Background It is thought vaccines allowed for emergency use significantly reduce hospitalizations and emergency room visits. It is a matter of curiosity how many of the patients who come to the emergency department (ED) are vaccinated. We aimed to examine the characteristics of ED patients needing hospitalizations related to moderate and severe COVID-19 by vaccination status. Methods A retrospective study of 559 rRT-PCR-confirmed SARS-CoV-2 infection cases with moderate or severe COVID-19 needing hospitalization was performed in August 2021. Univariate and multivariate logistic regression analyses were performed for factors associated with mortality.

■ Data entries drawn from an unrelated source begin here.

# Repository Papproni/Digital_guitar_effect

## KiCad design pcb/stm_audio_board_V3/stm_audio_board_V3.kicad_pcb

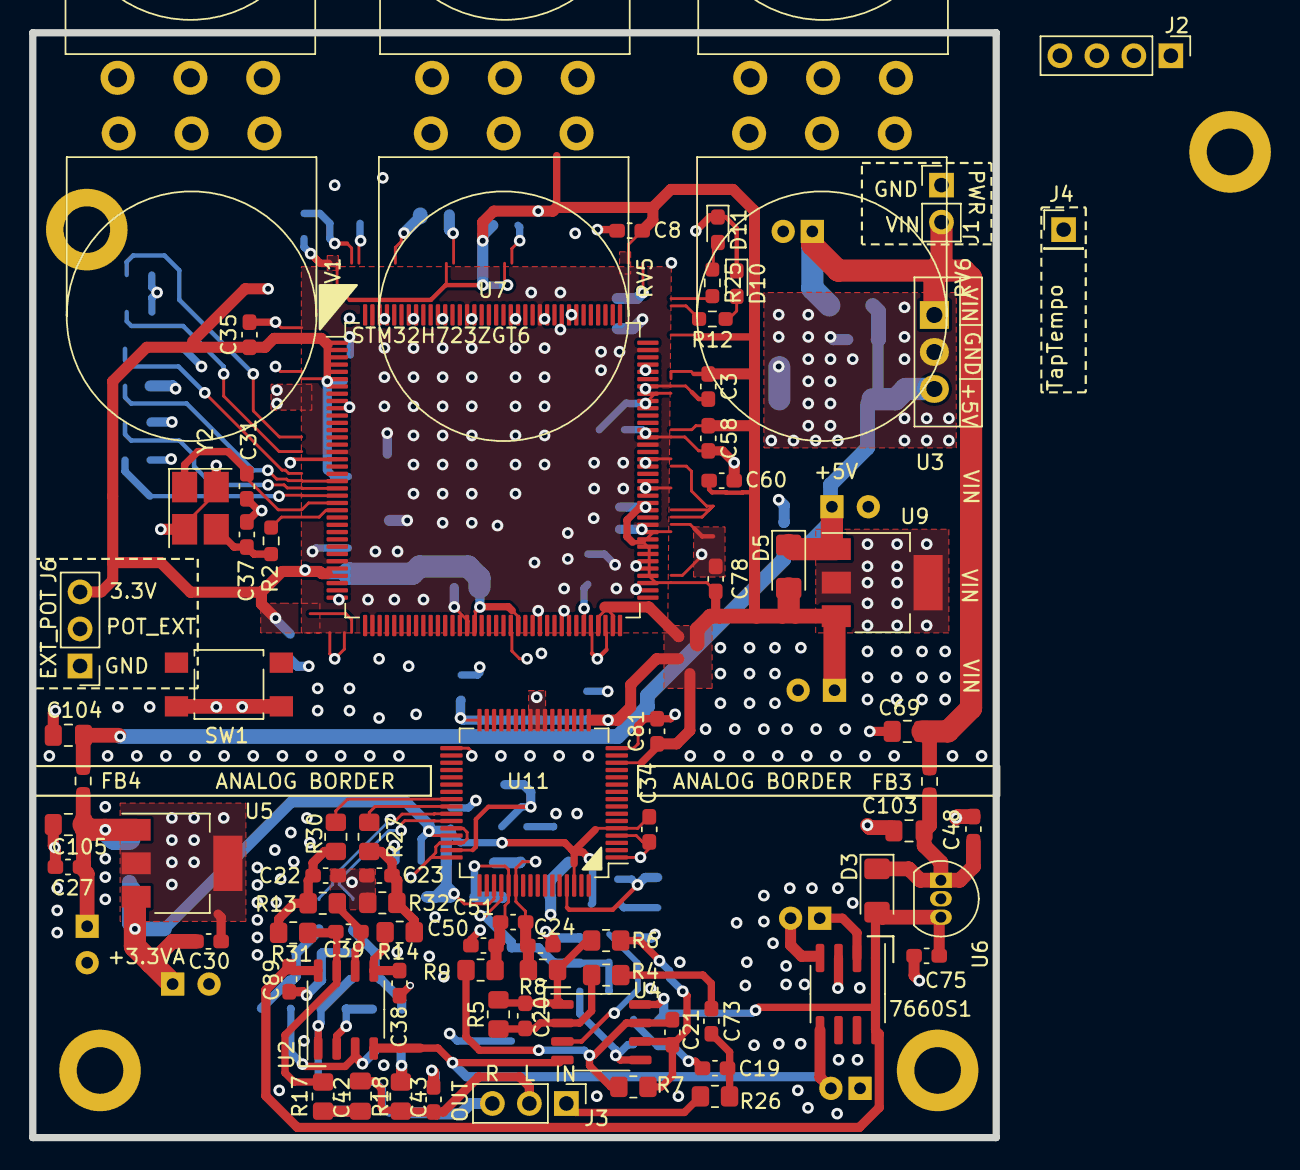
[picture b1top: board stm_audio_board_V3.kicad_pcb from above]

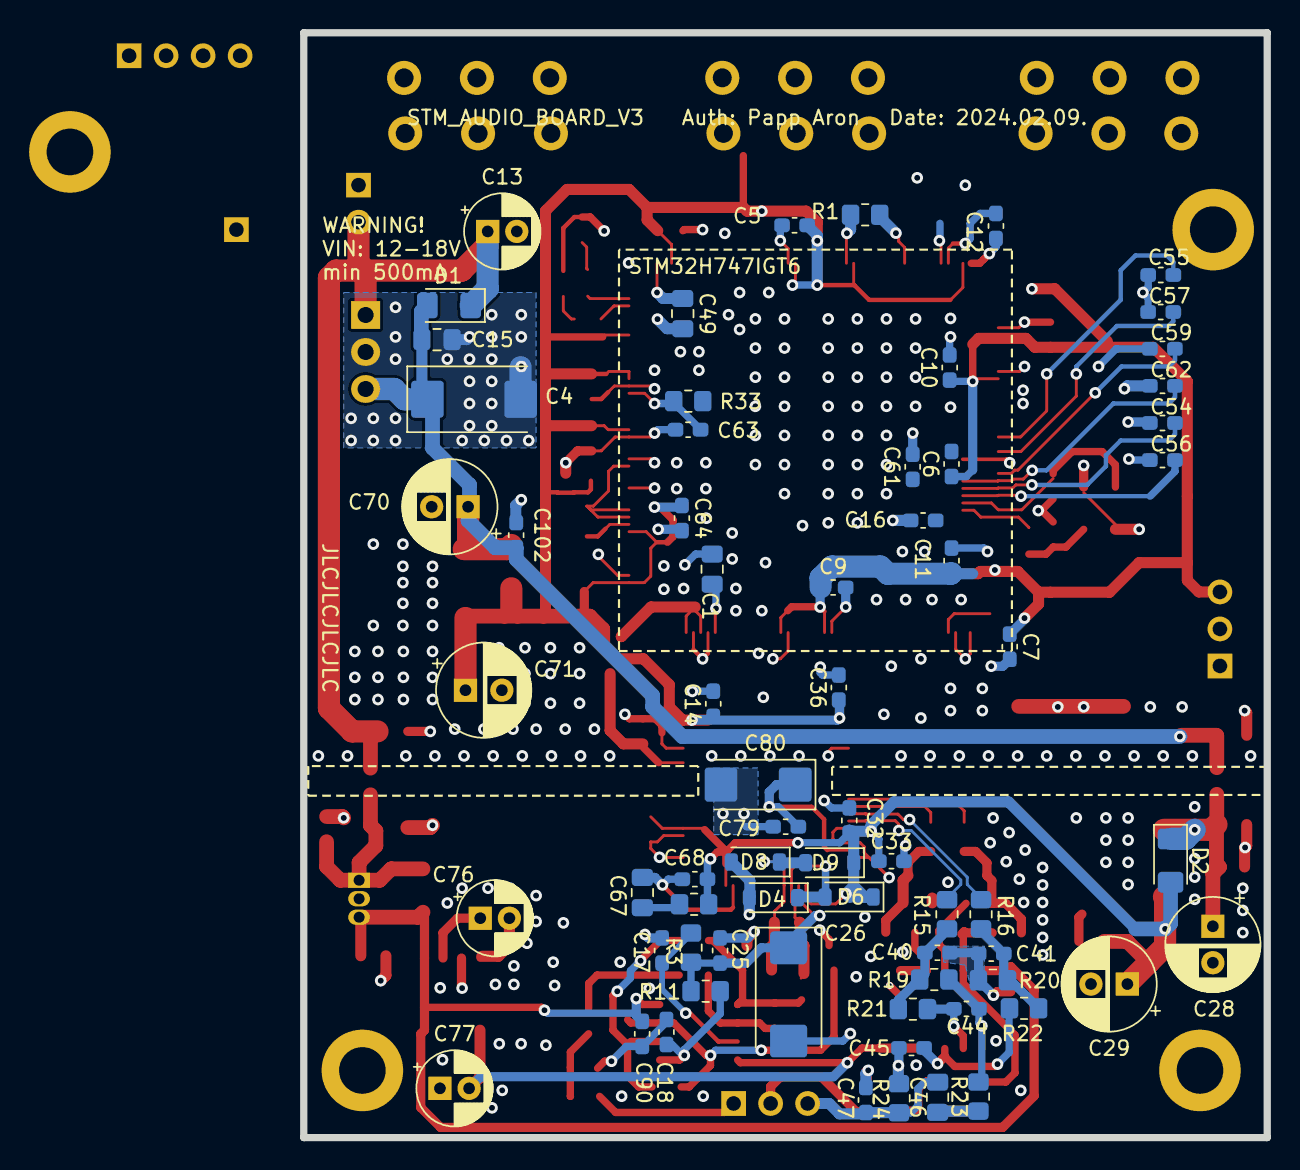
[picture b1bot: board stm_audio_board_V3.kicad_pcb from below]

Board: 4 copper layers, 66.1 x 75.8 mm, 149 parts (67 on the bottom side), 71 nets.

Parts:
7660S1: SOIC-8_3.9x4.9mm_P1.27mm
C1, C49: 2.2uF; C_0805_2012Metric_Pad1.18x1.45mm_HandSolder
C3, C5, C6, C7, C8, C9, C10, C11, C12, C14, C16, C25, C27, C30, C32, C33, C34, C35, C36, C48, C54, C55, C56, C57, C58, C59, C60, C61, C62, C63, C64, C75, C78, C79, C81, C89, C90, C102: 100nF; C_0603_1608Metric_Pad1.08x0.95mm_HandSolder
C4: 22uF tantal; CP_EIA-7343-31_Kemet-D_Pad2.25x2.55mm_HandSolder
C13: 22uF 50V poly; CP_Radial_D5.0mm_P2.00mm
C15, C69, C103, C104, C105: 2u2F; C_0805_2012Metric_Pad1.18x1.45mm_HandSolder
C17, C18, C73: 68n; C_0603_1608Metric_Pad1.08x0.95mm_HandSolder
C19, C20: 10p; C_0603_1608Metric_Pad1.08x0.95mm_HandSolder
C21: 120p; C_0603_1608Metric_Pad1.08x0.95mm_HandSolder
C22, C40: 270p; C_0603_1608Metric_Pad1.08x0.95mm_HandSolder
C23, C41: 560p; C_0603_1608Metric_Pad1.08x0.95mm_HandSolder
C24, C50: 1nF; C_0603_1608Metric_Pad1.08x0.95mm_HandSolder
C26: 47uF tantal; CP_EIA-7343-31_Kemet-D_Pad2.25x2.55mm_HandSolder
C28, C70: 100uF; CP_Radial_D6.3mm_P2.50mm
C29: 47uF; CP_Radial_D6.3mm_P2.50mm
C31, C37: 9pF; C_0603_1608Metric_Pad1.08x0.95mm_HandSolder
C38, C39, C44, C45: 68p; C_0603_1608Metric_Pad1.08x0.95mm_HandSolder
C42, C46: 2u2; C_0805_2012Metric_Pad1.18x1.45mm_HandSolder
C43, C47, C68: 2.2nF; C_0603_1608Metric_Pad1.08x0.95mm_HandSolder
C51: 100pF; C_0603_1608Metric_Pad1.08x0.95mm_HandSolder
C67: 39nF; C_0805_2012Metric_Pad1.18x1.45mm_HandSolder
C71: 47uf; CP_Radial_D6.3mm_P2.50mm
C76, C77: 10uF; CP_Radial_D5.0mm_P2.00mm
C80: 10uF tantal; CP_EIA-6032-28_Kemet-C_Pad2.25x2.35mm_HandSolder
D1, D2, D3, D5: 1N4148; D_1206_3216Metric_Pad1.42x1.75mm_HandSolder
D4, D6, D8, D9: BAT42W-V; D_SOD-123
D10, D11: LED; LED_0603_1608Metric_Pad1.05x0.95mm_HandSolder
FB3, FB4: TDK MMZ1608R601ATD25 DB; R_0603_1608Metric_Pad0.98x0.95mm_HandSolder
H1, H2, H3, H4: MountingHole_Pad; MountingHole_3.2mm_M3_DIN965_Pad
J1: Power conn; PinHeader_1x02_P2.54mm_Vertical
J2: STlink; PinHeader_1x04_P2.54mm_Vertical
J3: Audio_sig; PinHeader_1x03_P2.54mm_Vertical
J4: Conn_01x01_taptempo; PinHeader_1x01_P2.54mm_Vertical
J6: Conn_01x03_pot_ext; PinHeader_1x03_P2.54mm_Vertical
R1, R18, R24: 10k; R_0805_2012Metric_Pad1.20x1.40mm_HandSolder
R2: 100R NC; R_0603_1608Metric_Pad0.98x0.95mm_HandSolder
R3, R11: 100R; R_0805_2012Metric_Pad1.20x1.40mm_HandSolder
R4, R33: 500k; R_0805_2012Metric_Pad1.20x1.40mm_HandSolder
R5: 1M; R_0805_2012Metric_Pad1.20x1.40mm_HandSolder
R6, R7: 5.76k; R_0805_2012Metric_Pad1.20x1.40mm_HandSolder
R8, R9: 240R; R_0805_2012Metric_Pad1.20x1.40mm_HandSolder
R10: 3.32k; R_0805_2012Metric_Pad1.20x1.40mm_HandSolder
R12: 1k NC; R_0603_1608Metric_Pad0.98x0.95mm_HandSolder
R13, R21: 3k; R_0805_2012Metric_Pad1.20x1.40mm_HandSolder
R14, R22: 1.5k; R_0805_2012Metric_Pad1.20x1.40mm_HandSolder
R15, R19, R30, R31: 11k; R_0805_2012Metric_Pad1.20x1.40mm_HandSolder
R16, R20, R27, R32: 5.6k; R_0805_2012Metric_Pad1.20x1.40mm_HandSolder
R17, R23: 604; R_0805_2012Metric_Pad1.20x1.40mm_HandSolder
R25: 1k; R_0603_1608Metric_Pad0.98x0.95mm_HandSolder
R26: 100; R_0805_2012Metric_Pad1.20x1.40mm_HandSolder
RV1, RV2, RV3, RV4, RV5, RV6: R_Potentiometer; Potentiometer_Omeg_PC16BU_Vertical
SW1: SW_SPST; SW_SPST_TL3305A
U2, U4: OP275; SSOP-8_3.9x5.05mm_P1.27mm
U3: MP-K7805-500R3; TO-220-3_Vertical
U5, U9: MIC2920A-3.3WS-TR; SOT-223-3_TabPin2
U6: L7809; TO-92_Inline
U7: STM32H723ZGTx; LQFP-144_20x20mm_P0.5mm
U11: LQFP-64_10x10mm_P0.5mm
Y2: X1E0000210132; Crystal_SMD_SeikoEpson_TSX3225-4Pin_3.2x2.5mm_HandSoldering

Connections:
5V: C4.1, C15.1, C70.1, C102.1, C104.1, D1.2 (A), D5.1 (K), FB4.1, U3.3 (OUT), U9.1 (VI)
+3.3V: C3.1, C5.1, C6.1, C7.1, C8.1, C9.1, C10.1, C11.1, C12.1, C14.1, C35.1, C36.1, C58.1, C60.1, C64.1, C71.1, C78.1, C81.1, D5.2 (A), J2.4, J6.3, RV1.1, RV2.1, RV3.1, RV4.1, RV5.1, RV6.1, U7.6 (VBAT), U7.17 (VDD), U7.30 (VDD), U7.32 (VREF+), U7.33 (VDDA), U7.39 (VDD), U7.52 (VDD), U7.62 (VDD), U7.72 (VDD), U7.84 (VDD), U7.95 (VDD33USB), U7.108 (VDD), U7.121 (VDD), U7.131 (VDD), U7.144 (VDD), U9.3 (VO), U11.14 (PD/RST), U11.17 (DVDD), U11.32 (DVDD)
+3.3VA: C29.1, C30.1, C32.1, C33.1, C34.1, C68.1, D2.2 (A), D6.1 (K), D9.1 (K), R10.2, U5.3 (VO), U11.5 (AVDD), U11.45 (AVDD), U11.51 (AVDD), U11.62 (AVDD)
+9V: 7660S1.1 (BOOST), 7660S1.8 (V+), C75.1, C89.1, C90.1, D3.2 (A), U2.8 (V+), U4.8 (V+), U6.3 (OUT)
-9V: 7660S1.5 (VOUT), C77.2, U2.4 (V-), U4.4 (V-)
/MCU/NRST: C16.1, SW1.1 (A), U7.25 (NRST)
AD1939_CM: C25.2, C26.1, R3.2, R11.2, U11.52 (CM)
AD1939_FILTR: C79.2, C80.1, U11.47 (FILTR)
AD1939_I2S1_CK: U7.69 (PB10), U11.28 (ABCLK)
AD1939_I2S1_SDI: U7.28 (PC2_C), U11.27 (ASDATA1)
AD1939_I2S1_WS: U7.73 (PB12), U11.29 (ALRCLK)
AD1939_I2S2_CK: U7.111 (PC10), U11.21 (DBCLK)
AD1939_I2S2_SDO: U7.48 (PB2), U11.19 (DSDATA2)
AD1939_I2S2_WS: U7.40 (PA4), U11.22 (DLRCLK)
AD1939_LF: C67.2, C68.2, U11.61 (LF)
AD1939_SPI3_CLK: U7.41 (PA5), U11.34 (CCLK)
AD1939_SPI3_MISO: U7.42 (PA6), U11.31 (COUT)
AD1939_SPI3_MOSI: U7.43 (PA7), U11.30 (CIN)
ADC1N: C24.2, C51.2, D8.1 (K), D9.2 (A), R8.1, U11.54 (ADC1LN)
ADC1P: C50.1, C51.1, D4.1 (K), D6.2 (A), R9.1, U11.53 (ADC1LP)
DAC1N: R27.1, U11.41 (OL2N)
DAC1P: R30.1, U11.40 (OL2P)
DAC2N: R15.1, U11.43 (OR2N)
DAC2P: R16.1, U11.42 (OR2P)
EXT_INT_BUTTON: C63.2, R33.1
GND: 7660S1.3 (GND), C1.2, C3.2, C4.2, C5.2, C6.2, C7.2, C8.2, C9.2, C10.2, C11.2, C12.2, C13.2, C14.2, C15.2, C16.2, C17.2, C18.2, C19.1, C22.1, C23.2, C24.1, C25.1, C26.2, C27.2, C28.2, C29.2, C30.2, C31.1, C32.2, C33.2, C34.2, C35.2, C36.2, C37.1, C38.1, C40.1, C41.2, C43.1, C45.1, C47.1, C48.2, C49.2, C50.2, C54.2, C55.2, C56.2, C57.2, C58.2, C59.2, C60.2, C61.2, C62.2, C63.1, C64.2, C69.2, C70.2, C71.2, C75.2, C77.1, C78.2, C79.1, C80.2, C81.2, C89.2, C90.2, C102.2, C103.2, C104.2, C105.2, D4.2 (A), D8.2 (A), D10.1 (K), D11.1 (K), H1.1, H2.1, H3.1, H4.1, J1.1, J2.1, J6.1, R1.2, R18.2, R20.1, R24.2, R32.1, RV1.3, RV2.3, RV3.3, RV4.3, RV5.3, RV6.3, SW1.2 (B), U3.2 (GND), U5.2 (GND), U6.2 (GND), U7.16 (VSS), U7.31 (VSSA), U7.38 (VSS), U7.51 (VSS), U7.61 (VSS), U7.83 (VSS), U7.94 (VSS), U7.107 (VSS), U7.120 (VSS), U7.130 (VSS), U7.143 (PDR_ON), U9.2 (GND), U11.1 (AGND), U11.4 (AGND), U11.16 (DGND), U11.23 (VSUPPLY), U11.24 (VSENSE), U11.25 (VDRIVE), U11.33 (DGND), U11.44 (AGND), U11.46 (AGND), U11.48 (AGND), Y2.2, Y2.4
GUITAR_IN: J3.1, R26.1
GUITAR_OUT_L/MONO: C42.2, C43.2, J3.2, R18.1
GUITAR_OUT_R: C46.2, C47.2, J3.3, R24.1
unnamed: 7660S1.2 (CAP+), C76.1
unnamed: 7660S1.4 (CAP-), C76.2
unnamed: C1.1, U7.71 (VCAP)
unnamed: C19.2, C73.2, R26.2
unnamed: C20.2, R5.1, R6.2, R8.2, U4.1
unnamed: C21.2, R7.1, R9.2, U4.7
unnamed: C22.2, R13.1, R30.2, R31.1
unnamed: C23.1, R14.2, R27.2, R32.2
unnamed: C37.2, R2.2, Y2.3
unnamed: C39.2, R17.2, R31.2, U2.7
unnamed: C40.2, R15.2, R19.1, R21.2
unnamed: C41.1, R16.2, R20.2, R22.2
unnamed: C42.1, R17.1
unnamed: C44.2, R19.2, R23.2, U2.1
unnamed: C46.1, R23.1
unnamed: C49.1, U7.106 (VCAP)
unnamed: C67.1, R10.1
unnamed: C73.1, R4.2
unnamed: C27.1, C28.1, C105.1, D2.1 (K), FB4.2, U5.1 (VI)
unnamed: C48.1, C103.1, D3.1 (K), FB3.2, U6.1 (IN)
unnamed: D10.2 (A), R12.1
unnamed: D11.2 (A), R25.1
unnamed: C45.2, R22.1, U2.3 (+)
unnamed: C44.1, R21.1, U2.2 (-)
unnamed: C38.2, R14.1, U2.5 (+)
unnamed: C39.1, R13.2, U2.6 (-)
unnamed: C17.1, R3.1, U4.3 (+)
unnamed: C20.1, R4.1, R5.2, U4.2 (-)
unnamed: C18.1, R11.1, U4.5 (+)
unnamed: C21.1, R6.1, R7.2, U4.6 (-)
unnamed: R1.1, U7.138 (BOOT0)
OSC0: C31.2, U7.23 (PH0), Y2.1
OSC1: R2.1, U7.24 (PH1)
POT1: C55.1, RV1.2, U7.13 (PF3)
POT2: C57.1, RV2.2, U7.15 (PF5)
POT3: C59.1, RV3.2, U7.19 (PF7)
POT4: C62.1, RV4.2, U7.20 (PF8)
POT5: C54.1, RV5.2, U7.21 (PF9)
POT6: C56.1, RV6.2, U7.22 (PF10)
POT_EXT: C61.1, J6.2
PWR_INPUT_12V-18V: C13.1, C69.1, D1.1 (K), FB3.1, J1.2, U3.1 (IN)
TAP_TEMPO_INPUT: J4.1, R33.2

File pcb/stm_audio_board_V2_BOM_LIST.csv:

Designator,Comment,Footprint,LCSC
7660S1,~,Package_SO:SOIC-8_3.9x4.9mm_P1.27mm,
"C1, C2, C49, C52",2.2uF,Capacitor_SMD:C_0805_2012Metric_Pad1.18x1.45mm_HandSolder,
"C3, C5, C6, C7, C8, C9, C10, C11, C12, C14, C25, C30, C32, C33, C34, C35, C36, C54, C55, C56, C57, C58, C59, C60, C61, C62, C63, C64, C75, C78, C79, C81, C89, C90, C102",100nF,Capacitor_SMD:C_0603_1608Metric_Pad1.08x0.95mm_HandSolder,
C4,22uF tantal,Capacitor_Tantalum_SMD:CP_EIA-7343-31_Kemet-D_Pad2.25x2.55mm_HandSolder,
C13,22uF 50V poly,Capacitor_THT:CP_Radial_D5.0mm_P2.00mm,
"C15, C69, C103, C104, C105",2u2F,Capacitor_SMD:C_0805_2012Metric_Pad1.18x1.45mm_HandSolder,
"C16, C27, C48",100nF ,Capacitor_SMD:C_0603_1608Metric_Pad1.08x0.95mm_HandSolder,
"C17, C18, C73",68n,Capacitor_SMD:C_0603_1608Metric_Pad1.08x0.95mm_HandSolder,
C19,220p,Capacitor_SMD:C_0603_1608Metric_Pad1.08x0.95mm_HandSolder,
"C20, C21",120p,Capacitor_SMD:C_0603_1608Metric_Pad1.08x0.95mm_HandSolder,
"C22, C40",270p,Capacitor_SMD:C_0603_1608Metric_Pad1.08x0.95mm_HandSolder,
"C23, C41",560p,Capacitor_SMD:C_0603_1608Metric_Pad1.08x0.95mm_HandSolder,
"C24, C50",1nF,Capacitor_SMD:C_0603_1608Metric_Pad1.08x0.95mm_HandSolder,
C26,100uF tantal,Capacitor_Tantalum_SMD:CP_EIA-7343-31_Kemet-D_Pad2.25x2.55mm_HandSolder,
"C28, C70",100uF,Capacitor_THT:CP_Radial_D6.3mm_P2.50mm,
C29,47uF,Capacitor_THT:CP_Radial_D6.3mm_P2.50mm,
"C31, C37",7pF,Capacitor_SMD:C_0603_1608Metric_Pad1.08x0.95mm_HandSolder,
"C38, C39, C44, C45",68p,Capacitor_SMD:C_0603_1608Metric_Pad1.08x0.95mm_HandSolder,
"C42, C46",2u2,Capacitor_SMD:C_0805_2012Metric_Pad1.18x1.45mm_HandSolder,
"C43, C47",2.2nF,Capacitor_SMD:C_0603_1608Metric_Pad1.08x0.95mm_HandSolder,
C51,100pF,Capacitor_SMD:C_0603_1608Metric_Pad1.08x0.95mm_HandSolder,
"C65, C66",12p,Capacitor_SMD:C_0603_1608Metric_Pad1.08x0.95mm_HandSolder,
C67,5.6nF,Capacitor_SMD:C_0805_2012Metric_Pad1.18x1.45mm_HandSolder,
C68,390pF,Capacitor_SMD:C_0603_1608Metric_Pad1.08x0.95mm_HandSolder,
C71,47uf,Capacitor_THT:CP_Radial_D6.3mm_P2.50mm,
"C76, C77",10uF,Capacitor_THT:CP_Radial_D5.0mm_P2.00mm,
C80,10uF tantal,Capacitor_SMD:C_0805_2012Metric_Pad1.18x1.45mm_HandSolder,
"D1, D2, D3, D5",1N4148,Diode_SMD:D_1206_3216Metric_Pad1.42x1.75mm_HandSolder,
D7,LED,LED_SMD:LED_SK6805_PLCC4_2.4x2.7mm_P1.3mm,
"FB3, FB4",TDK MMZ1608R601ATD25 DB,Resistor_SMD:R_0603_1608Metric_Pad0.98x0.95mm_HandSolder,
"H1, H2, H3, H4",MountingHole_Pad,MountingHole:MountingHole_3.2mm_M3_DIN965_Pad,
J1,Power conn,Connector_PinHeader_2.54mm:PinHeader_1x02_P2.54mm_Vertical,
J2,STlink,Connector_PinHeader_2.54mm:PinHeader_1x04_P2.54mm_Vertical,
J3,Audio_sig,Connector_PinHeader_2.54mm:PinHeader_1x03_P2.54mm_Vertical,
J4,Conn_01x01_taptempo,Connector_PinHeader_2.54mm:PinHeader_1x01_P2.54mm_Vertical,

Results The mean age of the patients was 60.8 ± 18.1 years old, and 54.2% ( n = 303) of the patients were women. The most common comorbidities were hypertension (37.2%), diabetes mellitus (31.1%) and chronic obstructive pulmonary disease (13.8%), respectively. The number of patients with alpha variant was 399 (71.4%), and delta variant was 83 (14.8%). Fifty point 6% ( n = 283) of the patients were fully vaccinated. The total number of patients who died in the study was 114 (20.4%), and the number of patients hospitalized in the intensive care unit was 168 (30.1%). The day between the last dose of vaccine and hospitalization was 117 ± 45.9 days. In multivariate logistic regression analysis: age (odds ratio (OR), 1.05; 95% confidence intervals (95% CI) 1.03–1.08- year increase), male gender (OR, 1.8; 95% CI, 1.1–2.9), presence of at least one comorbid disease (OR, 2; 95% CI, 1.1–3.7) and partial (OR, 0.24;95% CI, 0.09–0.6) and fully vaccinated status (OR, 0.1; 95% CI, 0.05–0.18) were associated with mortality among COVID-19 patients. Conclusions In this study, age older than 65, unvaccinated, and comorbidities had significantly higher mortality. In multivariate regression analyses, age, vaccination status, comorbidities and the male gender were associated with mortality. Our study did not evaluate the vaccine efficacy but, a lower mortality rate was observed in those fully vaccinated with CoronaVac and Pfizer–BioNTech. Additionally, Alpha, Delta and other variants had the same mortality rates.